Just about, because I’ve discovered an even better one: the Twitter feed for Levenmouth Police. If you use social media possibly you like to get despatches from established comedians. Some may follow a new guy on the scene, President Trump. But none of them is funnier than the uncredited wit, or wits, behind the Methil messages about “lods” and “doughballs” and the capers which keep the fuzz busy, described in the local vernacular. A typical one would be: “Heroin and pills worth approx £1300 found in Leven. Misplaced them? Don’t worry they’re here for you!” The tone is couthie and kindly. Levenmouth may be part of the great big unified force but that’s no reason for its men and women to be boringly blunt and dully impersonal.
Under-fire policemen need arrest figures to boast about; in this corner of Fife they want to keep folk out of their “dungeons” and often flash up photos of the no-mod-cons facilities. The hashtags are brilliant: #JustDinnae, #TeltHunnersOfTimes, #NoColdSideOfThePillowHere.
My favourite, though, followed a recent domestic disturbance. “Hoose party ended prematurely efter the host plus 2 chose to chill for the weekend wi us instead!” ran the bulletin, followed by: #YerNoChadHoganPal. This will only make sense if you know the work of stand-up Kevin Bridges, whose best skit concerns youthful parties, where he celebrates the west of Scotland’s absent-parents bacchanal known as the “empty” and ridicules America’s “spring break”. But evoking the name of Bridges’ plonker frat-boy Hogan is comedy class.
Around the UK, Twitter sites run by other cop shops have been praised for changing public perceptions. Scotland currently boasts the police’s top tweeters, the Lochaber and Skye division winning the prize for the best use of social media in 2016. Their site is lively but frankly not a patch on Levenmouth, whose officers had to be content with being named No 1 in the East Fife Mail’s annual list of 40 individuals and organisations who’d “made a difference” to Kingdom life.

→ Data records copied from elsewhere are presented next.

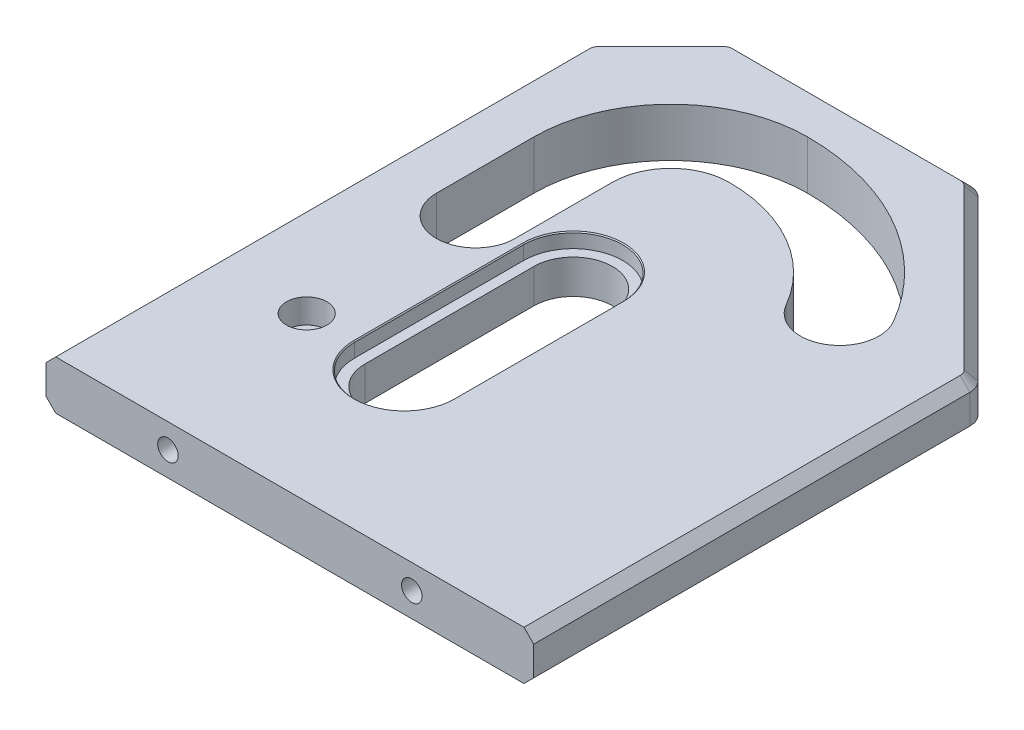
SolidWorks part; units mm, degrees
ref_plane "Front Plane" through (0, 0, 0) normal (0, 0, 1) x (1, 0, 0)
ref_plane "Top Plane" through (0, 0, 0) normal (0, 1, 0) x (1, 0, 0)
ref_plane "Right Plane" through (0, 0, 0) normal (1, 0, 0) x (0, 0, -1)
sketch "Sketch1" plane through (0, 0, 0) normal (0, 1, 0) x (1, 0, 0)
  line L1 (-40, -68.0944) -> (60, -68.0944)
  line L2 (-40, -68.0944) -> (-40, 58)
  line L3 (-40, 58) -> (60, 58)
  line L4 (60, -68.0944) -> (60, 58)
  dimension "D1" = 68.0944
  dimension "D2" = 40
  dimension "D3" = 58
  dimension "D4" = 60
extrude "Boss-Extrude1" add sketch "Sketch1" along normal mid plane 10
sketch "Slots Path" plane through (0, 0, 0) normal (0, 1, 0) x (1, 0, 0)
  line L2 (-20, 0) -> (-20, 20)
  line L3 (0, 0) -> (0, -34.641)
  line L4 (-5.5, 0) -> (5.5, 0) construction
  arc A1 (0, 40) -> (-20, 20) centre (0, 20) ccw
  arc A2 (0, 40) -> (34.641, 20) centre (0, 0) cw
  point P1 (-20, -34.641)
  dimension "D1" = 20
  dimension "D2" = 40
  dimension "D3" = 20
  dimension "D4" = 20
  dimension "D5" = 40
sketch "Sketch3" plane through (0, 5, 0) normal (0, 1, 0) x (1, 0, 0)
  line L9 (-8.05, 0) -> (-8.05, -34.641)
  line L10 (-11.95, 0) -> (-11.95, 20)
  line L11 (-28.05, 0) -> (-28.05, 20)
  line L12 (8.05, 0) -> (8.05, -34.641)
  arc A2 (-8.05, 0) -> (8.05, 0) centre (0, 0) cw
  arc A3 (-8.05, -34.641) -> (8.05, -34.641) centre (0, -34.641) ccw
  arc A18 (0, 31.95) -> (-11.95, 20) centre (0, 20) ccw
  arc A19 (27.6695, 15.975) -> (0, 31.95) centre (0, 0) ccw
  arc A20 (0, 48.05) -> (-28.05, 20) centre (0, 20) ccw
  arc A21 (41.6125, 24.025) -> (0, 48.05) centre (0, 0) ccw
  arc A22 (-11.95, 0) -> (-28.05, 0) centre (-20, 0) cw
  arc A23 (27.6695, 15.975) -> (41.6125, 24.025) centre (34.641, 20) ccw
extrude "Slots" cut sketch "Sketch3" against normal through all
sketch "Sketch11" plane through (0, 5, 0) normal (0, 1, 0) x (1, 0, 0)
  line L4 (-10.15, 0) -> (-10.15, -34.641)
  line L5 (10.15, 0) -> (10.15, -34.641)
  arc A2 (-10.15, 0) -> (10.15, 0) centre (0, 0) cw
  arc A3 (-10.15, -34.641) -> (10.15, -34.641) centre (0, -34.641) ccw
extrude "Cut-Extrude5" cut sketch "Sketch11" against normal blind 3
chamfer "Chamfer2" distance 0.2 angle 45 4 edges at (0, 5, 44.791) (10.15, 5, 17.3205) (0, 5, -10.15) (-10.15, 5, 17.3205)
hole_wizard "M5x0.8 Tapped Hole2" positions "Sketch8" profile "Sketch9" tap size "M5x0.8" standard "ANSI Metric" end condition through all
sketch "Sketch8" plane through (0, 5, 0) normal (0, 1, 0) x (1, 0, 0)
  point P0 (-20, -34.641)
cosmetic thread "Hole Thread3" parameters "D2"=5
sketch "Sketch9" plane through (-20, 5, 34.641) normal (1, 0, 0) x (0, 0, 1)
  line L0 (0, 0) -> (0, 10)
  line L1 (0, 10) -> (2.1, 10)
  line L2 (2.1, 10) -> (2.1, 0)
  line L5 (2.1, 0) -> (0, 0)
  line L11 (0, -6.35) -> (0, 107.95) construction
  dimension "Thru Tap Drill Dia." = 4.2
  dimension "Thru Tap Drill Depth" = 10
sketch "Sketch10" plane through (0, 5, 0) normal (0, 1, 0) x (1, 0, 0)
  circle A0 centre (-20, -34.641) radius 4.15
extrude "Cut-Extrude4" cut sketch "Sketch10" against normal blind 5
hole_wizard "M5x0.8 Tapped Hole1" positions "Sketch6" profile "Sketch7" tap size "M5x0.8" standard "ANSI Metric"
sketch "Sketch6" plane through (0, 0, 68.0944) normal (0, 0, 1) x (1, 0, 0)
  line L0 (55, 0) -> (-55, 0) construction
  line L1 (-40, 5) -> (-40, -5) construction
  line L2 (60, 5) -> (60, -5) construction
  point P0 (-15, 0)
  point P2 (35, 0)
  point P11 (-40, 0)
  dimension "D1" = 25
  dimension "D2" = 25
sketch "Sketch7" plane through (-15, 0, 68.0944) normal (1, 0, 0) x (0, -1, 0)
  line L0 (0, 0) -> (0, 21.2618)
  line L1 (0, 21.2618) -> (2.1, 20)
  line L2 (2.1, 20) -> (2.1, 0)
  line L5 (2.1, 0) -> (0, 0)
  line L10 (0, 21.2618) -> (-2.1, 20) construction
  line L11 (0, -6.35) -> (0, 107.95) construction
  dimension "Tap Drill Dia." = 4.2
  dimension "Tap Drill Depth" = 20
  dimension "Drill Angle" = 118
cosmetic thread "Hole Thread1" parameters "D1"=20, "D2"=5
cosmetic thread "Hole Thread2" parameters "D1"=20, "D2"=5
sketch "Sketch4" plane through (0, 5, 0) normal (0, 1, 0) x (1, 0, 0)
  line L0 (-40, 43) -> (-40, 58)
  line L1 (-40, 58) -> (-40, -68.0944) construction
  line L2 (-40, 58) -> (-25, 58)
  line L3 (60, 58) -> (-40, 58) construction
  line L4 (-25, 58) -> (-40, 43)
  dimension "D1" = 15
  dimension "D2" = 15
extrude "Cut-Extrude2" cut sketch "Sketch4" against normal through all
sketch "Sketch5" plane through (0, 5, 0) normal (0, 1, 0) x (1, 0, 0)
  line L0 (25, 58) -> (60, 58)
  line L1 (60, 58) -> (-25, 58) construction
  line L2 (60, 58) -> (60, 23)
  line L3 (60, -68.0944) -> (60, 58) construction
  line L4 (60, 23) -> (25, 58)
  dimension "D1" = 35
  dimension "D2" = 35
extrude "Cut-Extrude3" cut sketch "Sketch5" against normal through all
fillet "Fillet1" radius 4 4 edges at (60, 0, -23) (25, 0, -58) (-25, 0, -58) (-40, 0, -43)
chamfer "Chamfer1" distance 2 angle 45 18 edges at (60, -5, 23.3756) (42.5, -5, -40.5) (0, -5, -58) (-32.5, -5, -50.5) (-40, -5, 13.3756) (60, 5, 23.3756) (42.5, 5, -40.5) (0, 5, -58) (-32.5, 5, -50.5) (-40, 5, 13.3756) (59.6955, -5, -22.8739) (24.8739, -5, -57.6955) (-24.8739, -5, -57.6955) (-39.6955, -5, -42.8739) (59.6955, 5, -22.8739) (24.8739, 5, -57.6955) (-24.8739, 5, -57.6955) (-39.6955, 5, -42.8739)

Maybe that’s the greater honour. Recognition from the public that police can be both human and humorous, and that local identity hasn’t entirely been swallowed up by the merger. The long arm of the law features a funny bone and it’s used to great effect. I like Scot Squad but tweets from Levenmouth are funnier. They’re funnier than if PC Murdoch, Rikki Fulton’s Supercop and Hamish Macbeth were all working out of the same station. As another of the hashtags puts it: #MonTheMethilPolis!